Extracted records:
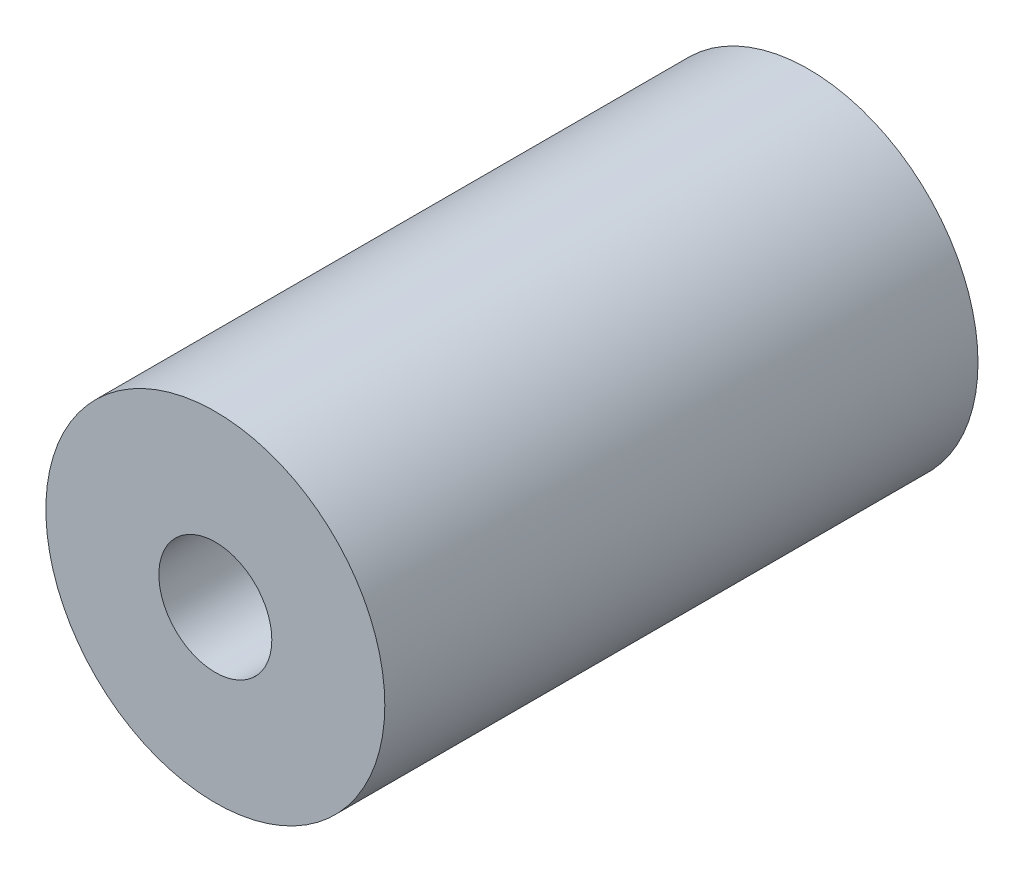
SolidWorks part; units mm, degrees
ref_plane "Front Plane" through (0, 0, 0) normal (0, 0, 1) x (1, 0, 0)
ref_plane "Top Plane" through (0, 0, 0) normal (0, 1, 0) x (1, 0, 0)
ref_plane "Right Plane" through (0, 0, 0) normal (1, 0, 0) x (0, 0, -1)
sketch "Sketch1" plane through (0, 0, 0) normal (0, 0, 1) x (1, 0, 0)
  circle A0 centre (0, 0) radius 30
  circle A1 centre (0, 0) radius 10
  dimension "D1" = 60
  dimension "D2" = 20
extrude "Boss-Extrude1" add sketch "Sketch1" along normal blind 105

About this task: If pictures appear in the data, do not print them; repeat the rest exactly.

Task solution:
SolidWorks part; units mm, degrees
ref_plane "Front Plane" through (0, 0, 0) normal (0, 0, 1) x (1, 0, 0)
ref_plane "Top Plane" through (0, 0, 0) normal (0, 1, 0) x (1, 0, 0)
ref_plane "Right Plane" through (0, 0, 0) normal (1, 0, 0) x (0, 0, -1)
sketch "Sketch1" plane through (0, 0, 0) normal (0, 0, 1) x (1, 0, 0)
  circle A0 centre (0, 0) radius 30
  circle A1 centre (0, 0) radius 10
  dimension "D1" = 60
  dimension "D2" = 20
extrude "Boss-Extrude1" add sketch "Sketch1" along normal blind 105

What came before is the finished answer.